Stored entries:
=== Section Start ===
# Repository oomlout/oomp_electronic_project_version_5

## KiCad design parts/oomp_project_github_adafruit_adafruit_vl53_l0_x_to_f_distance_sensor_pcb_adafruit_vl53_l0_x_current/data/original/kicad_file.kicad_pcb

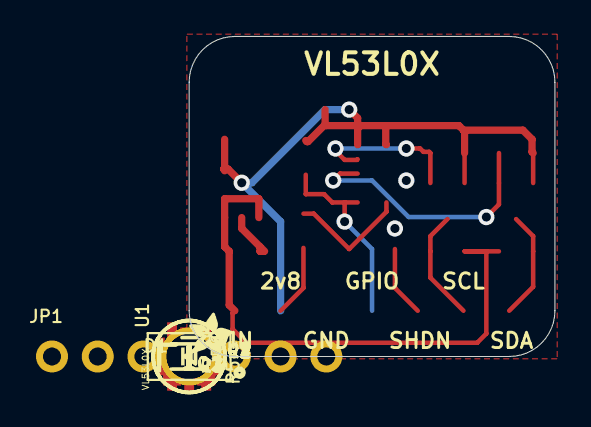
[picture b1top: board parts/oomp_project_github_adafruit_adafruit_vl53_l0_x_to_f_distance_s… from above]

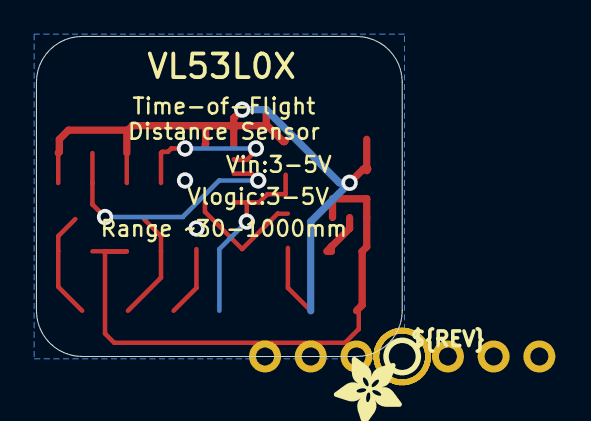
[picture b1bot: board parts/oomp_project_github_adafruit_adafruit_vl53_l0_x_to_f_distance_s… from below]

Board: 2 copper layers, 20.3 x 17.8 mm, 22 parts (2 on the bottom side), 10 nets.

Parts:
C1, C2: 10µF; 0805-NO
C3: 0.1uF; 0805-NO
D1: 1N4148; SOD-323
FID2, FID3: FIDUCIAL""; FIDUCIAL_1MM
JP1: 1X07_ROUND_70
Q1, Q2: BSS138; SOT23-WIDE
R1, R2, R3, R4, R5, R6: 10K; 0805-NO
U1: VL53L0X; LGA12_ST
U2: MIC5225_2.8V; SOT23-5
U$12: PCBFEAT-REV-040
U$13, U$14: MOUNTINGHOLE2.5; MOUNTINGHOLE_2.5_PLATED
U$15: ADAFRUIT_3.5MM
U$18: ADAFRUIT_2.5MM

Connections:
2.8V: C2.1, C3.1, JP1.2, Q1.1, Q2.1, R1.2, R2.2, R5.2, R6.2, U1.1, U1.11, U2.5
GND: C1.2, C2.2, C3.2, JP1.3, U1.2, U1.3, U1.4, U1.6, U1.12, U2.2
GPIO: JP1.4, R6.1, U1.7
SCL: JP1.6, Q2.3, R4.1
SCL_2.8V: Q2.2, R2.1, U1.10
SDA: JP1.7, Q1.3, R3.1
SDA_2.8V: Q1.2, R1.1, U1.9
VIN: C1.1, JP1.1, R3.2, R4.2, U2.1, U2.3
XSHUT: D1.C, JP1.5
XSHUT_2.8V: D1.A, R5.1, U1.5

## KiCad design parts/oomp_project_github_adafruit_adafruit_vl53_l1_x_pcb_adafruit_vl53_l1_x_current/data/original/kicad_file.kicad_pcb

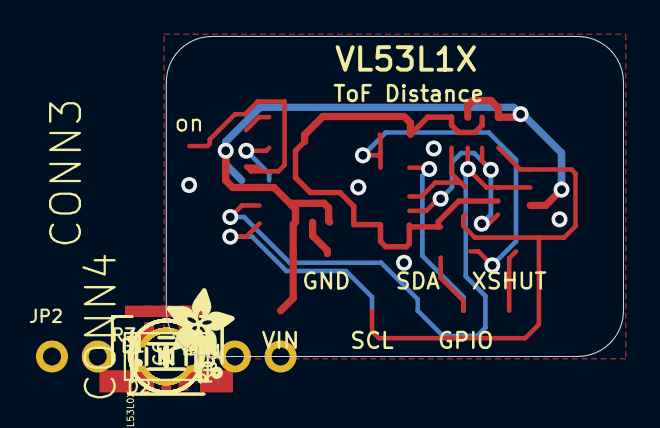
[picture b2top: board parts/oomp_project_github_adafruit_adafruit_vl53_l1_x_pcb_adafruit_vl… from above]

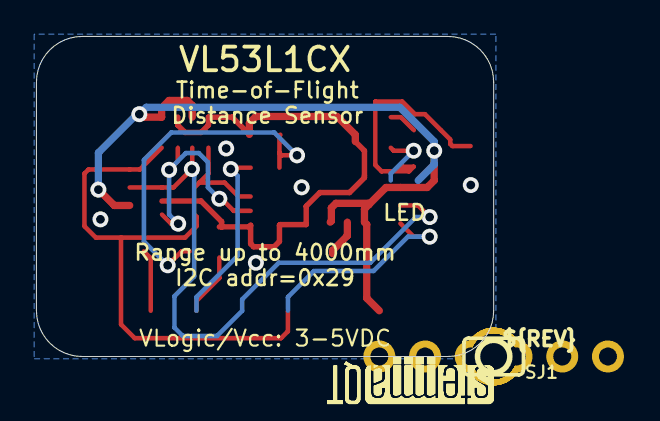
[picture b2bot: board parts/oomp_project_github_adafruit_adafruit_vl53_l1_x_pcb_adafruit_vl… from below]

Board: 2 copper layers, 25.4 x 17.8 mm, 26 parts (4 on the bottom side), 12 nets.

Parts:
C4, C5: 10uF; 0805-NO
C6: 0.1uF; 0603-NO
CONN3, CONN4: STEMMA_I2C_QT; JST_SH4
D1: 1N4148; SOD-323
D2: GREEN; CHIPLED_0603_NOOUTLINE
FID1, FID4: FIDUCIAL_1MM
JP2: 1X06_ROUND_70
Q3: BSS138; SOT363
R1, R2, R3: 10K; 0603-NO
R7: 10K; RESPACK_4X0603
SJ1: SOLDERJUMPER_CLOSEDWIRE
U1: VL53L0X; LGA12_ST
U3: LP5907-2.8; SOT23-5
U$30, U$31, U$33, U$34: MOUNTINGHOLE2.5; MOUNTINGHOLE_2.5_PLATED
U$36: ADAFRUIT_3.5MM
U$37: PCBFEAT-REV-040
U$38, U$39: STEMMAQT

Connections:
2.8V: C5.1, C6.1, Q3.2, Q3.5, R1.2, R2.2, R7.2, R7.4, U1.1, U1.11, U3.5
GND: C4.2, C5.2, C6.2, CONN3.1, CONN3.MT1, CONN3.MT2, CONN4.1, CONN4.MT1, CONN4.MT2, D2.C, JP2.2, U1.2, U1.3, U1.4, U1.6, U1.12, U3.2
GPIO: JP2.5, R2.1, U1.7
unnamed: D2.A, R3.1
unnamed: R3.2, SJ1.1
SCL: CONN3.4, CONN4.4, JP2.3, Q3.6, R7.8
SCL_3V: Q3.1, R7.7, U1.10
SDA: CONN3.3, CONN4.3, JP2.4, Q3.3, R7.6
SDA_3V: Q3.4, R7.5, U1.9
VCC: C4.1, CONN3.2, CONN4.2, JP2.1, R7.1, R7.3, SJ1.2, U3.1, U3.3
XSHUT: D1.C, JP2.6
XSHUT_2.8V: D1.A, R1.1, U1.5

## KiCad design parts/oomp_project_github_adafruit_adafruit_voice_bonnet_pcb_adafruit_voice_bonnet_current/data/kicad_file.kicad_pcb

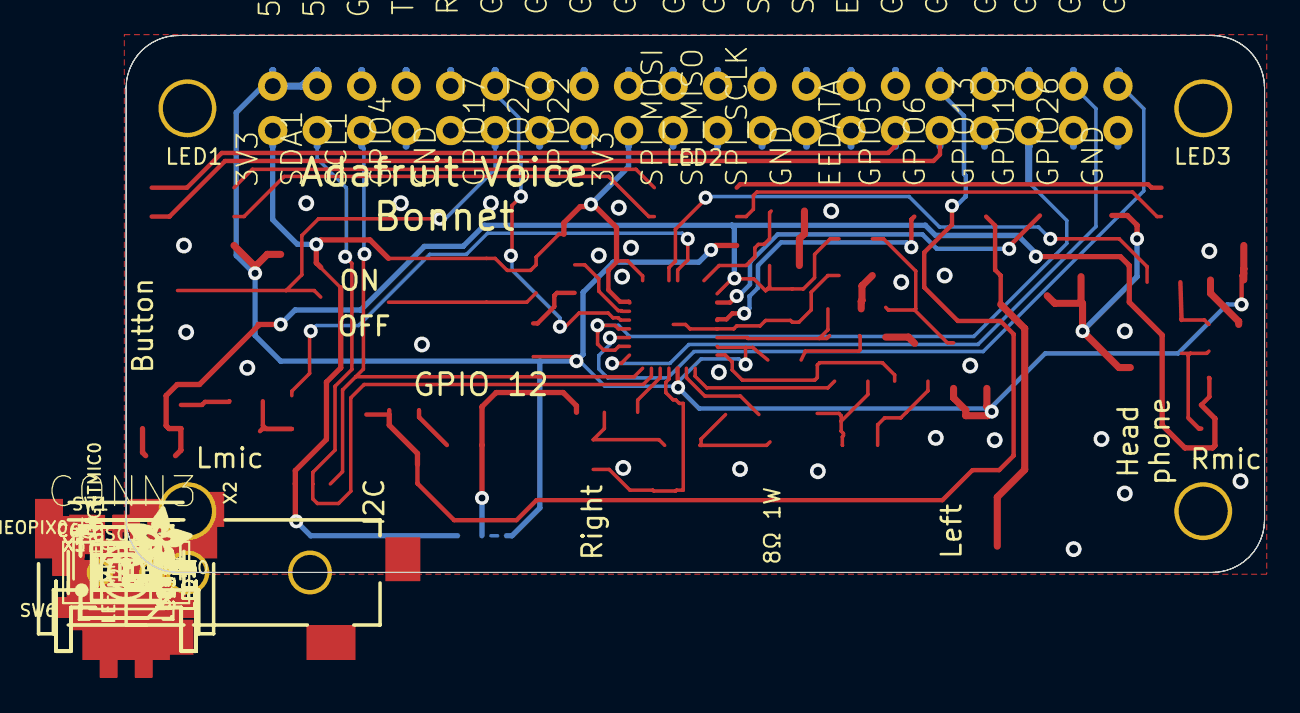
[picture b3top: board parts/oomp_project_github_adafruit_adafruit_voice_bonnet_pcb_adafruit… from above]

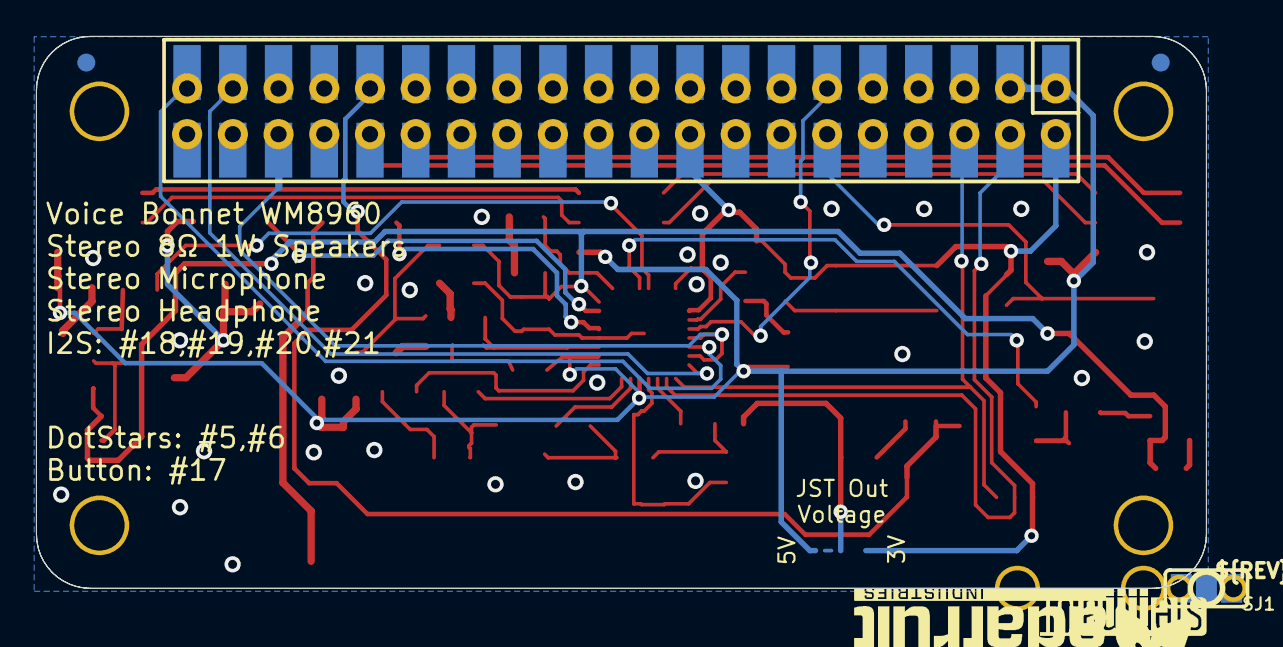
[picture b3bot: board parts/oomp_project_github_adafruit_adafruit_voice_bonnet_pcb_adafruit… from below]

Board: 2 copper layers, 65.0 x 30.7 mm, 69 parts (5 on the bottom side), 62 nets.

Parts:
C1, C2, C5, C9, C10, C11, C13, C23, C24, C32, C34: 10uF; 0805-NO
C3, C7, C8, C12, C14, C16, C18, C25: 0.1uF; 0603-NO
C4, C6: 100uF; PANASONIC_C
C19, C20, C21, C22: 33pF; 0603-NO
C26, C27: 220pF; 0603-NO
C28, C29, C30, C31: 100pF; 0603-NO
C33: 2.2uF+; 0805-NO
CONN3: STEMMA_I2C_QT; JST_SH4
D1: 3.6V; SOD-323
FB1, FB2: Ferrite; 0805
FB3: Ferrite; 0805-NO
FB4: FERRITE; 0805-NO
FB7, FB8, FB9, FB10: 120o; 0805-NO
FID1, FID2: FIDUCIAL_1MM
IC3: WM8960; QFN32_5MM
LED1, LED2, LED3: SK6822; APA102
LEFTMIC0: SPW2430HR5H-B
NEOPIX0: JST PH 3; JSTPH3
OSC1: ECS-3225MV; OSC_3.2X2.5MM
R1, R4: 10K; 0603-NO
R6: 10k; 0603-NO
R7: 1K; 0603-NO
RIGHTMIC0: SPW2430HR5H-B
RPI1: RASPBERRYPI_BPLUS_BONNET_THMSMT; PI_BONNET_THMSMT
SJ1: SOLDERJUMPER_2WAY_OPEN_NOPASTE
SW1: EVQQ; EVQ-Q2_SMALLER
SW6: EG1390
U3: AP2112-3.3K; SOT23-5
U$11: PCBFEAT-REV-040
U$12: STEMMAQT
U$15: ADAFRUIT_3.5MM
U$16: ADAFRUIT_TEXT_20MM
U$79: BRAINPAD_1IN
X1, X5: JSTPH 2P; JSTPH2
X2: 3.5mm; 4UCONN_19269

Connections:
3.3V: C12.1, CONN3.2, IC3.8, IC3.10, OSC1.4, R1.2, RPI1.1, RPI1.17, RPI1.S1, RPI1.S17, SJ1.3, SW6.S1, SW6.S2
5.0V: C9.1, C10.1, C11.1, C32.1, C33.1, IC3.21, IC3.26, LED1.4, LED2.4, LED3.4, RPI1.2, RPI1.4, RPI1.S2, RPI1.S4, SJ1.1, U3.1, U3.3
AGND: C3.2, C5.2, FB2.1, IC3.28, IC3.33
AVDD: C3.1, C5.1, C16.1, C18.1, C25.1, FB1.1, IC3.32, LEFTMIC0.4, RIGHTMIC0.4
BUTTON: R1.1, RPI1.11, RPI1.S11, SW1.B, SW1.B'
CE0: RPI1.24, RPI1.S24
CE1: RPI1.26, RPI1.S26
EEC: RPI1.28, RPI1.S28
EED: RPI1.27, RPI1.S27
GND: C1.2, C2.2, C7.2, C8.2, C9.2, C10.2, C11.2, C12.2, C13.2, C14.2, C16.2, C18.2, C19.2, C20.2, C21.2, C22.2, C25.2, C26.2, C27.2, C28.2, C29.2, C30.2, C31.2, C32.2, C33.2, C34.2, CONN3.1, D1.A, FB2.2, IC3.9, IC3.20, IC3.24, LED1.3, LED2.3, LED3.3, LEFTMIC0.2, LEFTMIC0.3, NEOPIX0.1, OSC1.2, R4.1, R6.1, RIGHTMIC0.2, RIGHTMIC0.3, RPI1.6, RPI1.9, RPI1.14, RPI1.20, RPI1.25, RPI1.30, RPI1.34, RPI1.39, RPI1.S6, RPI1.S9, RPI1.S14, RPI1.S20, RPI1.S25, RPI1.S30, RPI1.S34, RPI1.S39, SW1.A, SW1.A', SW6.O1, SW6.O2, U3.2, X2.1
GPIO4: RPI1.7, RPI1.S7
GPIO13: RPI1.33, RPI1.S33
GPIO19: RPI1.36, RPI1.S36
GPIO22: RPI1.15, RPI1.S15
GPIO23: RPI1.16, RPI1.S16
GPIO24: RPI1.18, RPI1.S18
GPIO25: RPI1.22, RPI1.S22
GPIO26: RPI1.37, RPI1.S37
GPIO27: RPI1.13, RPI1.S13
I2S_BCLK: IC3.12, RPI1.12, RPI1.S12
I2S_DIN: IC3.16, RPI1.38, RPI1.S38
I2S_DOUT: IC3.14, RPI1.40, RPI1.S40
I2S_LRCLK: IC3.13, IC3.15, RPI1.35, RPI1.S35
LEDC: LED1.2, RPI1.31, RPI1.S31
LEDD: LED1.1, RPI1.29, RPI1.S29
LEFT: C4.-, C27.1, R4.2, X2.2, X2.4
LEFT_N: C31.1, FB10.2, X1.2
LEFT_P: C30.1, FB9.2, X1.1
LINPUT1: C23.2, IC3.4
LSTEMMA: NEOPIX0.3, R7.1
MCLK: IC3.11, OSC1.3
MCLK_EN: OSC1.1, SW6.P1, SW6.P2
MICBIAS: C2.1, C8.1, IC3.1
MISO: RPI1.21, RPI1.S21
MOSI: RPI1.19, RPI1.S19
unnamed: FB7.1, IC3.19
unnamed: FB8.1, IC3.22
unnamed: C6.+, IC3.29
unnamed: C4.+, IC3.31
unnamed: LED1.6, LED2.1
unnamed: LED1.5, LED2.2
unnamed: C19.1, FB3.1, RIGHTMIC0.1
unnamed: C20.1, FB4.1, LEFTMIC0.1
unnamed: LED2.6, LED3.1
unnamed: LED2.5, LED3.2
unnamed: C21.1, C24.1, FB3.2
unnamed: C22.1, C23.1, FB4.2
unnamed: FB9.1, IC3.25
unnamed: FB10.1, IC3.23
OUT: C13.1, C14.1, FB1.2, U3.5
PWM0: D1.C, R7.2, RPI1.32, RPI1.S32
RIGHT: C6.-, C26.1, R6.2, X2.3, X2.5
RIGHT_N: C28.1, FB7.2, X5.2
RIGHT_P: C29.1, FB8.2, X5.1
RINPUT1: C24.2, IC3.5
RXD: RPI1.10, RPI1.S10
SCL: CONN3.4, IC3.17, RPI1.5, RPI1.S5
SCLK: RPI1.23, RPI1.S23
SDA: CONN3.3, IC3.18, RPI1.3, RPI1.S3
TXD: RPI1.8, RPI1.S8
VCC: C34.1, NEOPIX0.2, SJ1.2
VMID: C1.1, C7.1, IC3.27

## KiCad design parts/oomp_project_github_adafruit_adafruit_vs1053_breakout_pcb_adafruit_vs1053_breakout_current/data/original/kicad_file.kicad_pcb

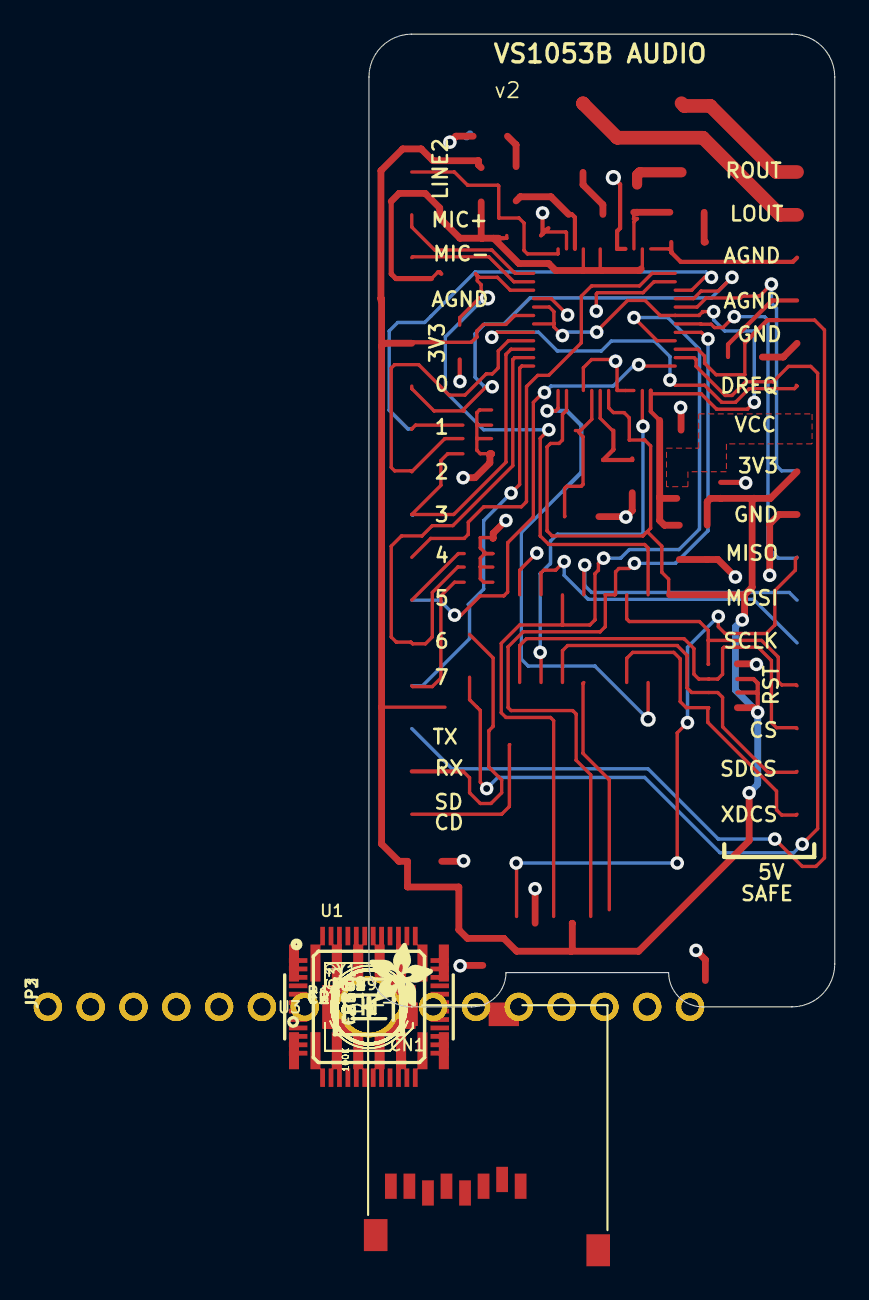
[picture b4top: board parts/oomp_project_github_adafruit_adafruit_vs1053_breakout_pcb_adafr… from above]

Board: 2 copper layers, 27.6 x 57.7 mm, 40 parts (1 on the bottom side), 45 nets.

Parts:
C1, C2: 220uF; PANASONIC_C
C4, C5: 10pF; _0805MP
C6, C7, C19, C20: 10µF; _0805MP
C8, C26: 0.1µF; _0805MP
C21, C22: 10nF (0.01uF); _0805MP
CN1: 2908-05WB-M6; MICROSD
D1: 1N4148; SOD-323
FB1, FB2: FERITTE; _0805MP
FID1, FID2: FIDUCIAL""; FIDUCIAL_1MM
JP2, JP3: 1X16_ROUND
R1: 1M; _0805MP
R2: 100K; _0805MP
R3, R4: 20; _0805MP
R6, R7: 100; _0805MP
R8, R9, R16: 100K; RESPACK_4X0603
R10: 10K; 0805-NO
U1: VS1053B; LQFP48
U2: AP7312-1833W6-7; SOT23-6
U3: 74HC4050D; SOIC16
U$31: ADAFRUIT_3.5MM
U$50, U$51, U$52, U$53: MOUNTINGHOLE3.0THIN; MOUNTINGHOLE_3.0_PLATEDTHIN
=== Section End ===
§ **What is expected**:
Copy the lines above exactly, starting at the one with "[picture b1top: board" and ending at the one with "Board: 2 copper layers, 20.3", both included. Leave out any pictures and add nothing else.

§ **Solved problem**:
[picture b1top: board parts/oomp_project_github_adafruit_adafruit_vl53_l0_x_to_f_distance_s… from above]

[picture b1bot: board parts/oomp_project_github_adafruit_adafruit_vl53_l0_x_to_f_distance_s… from below]

Board: 2 copper layers, 20.3 x 17.8 mm, 22 parts (2 on the bottom side), 10 nets.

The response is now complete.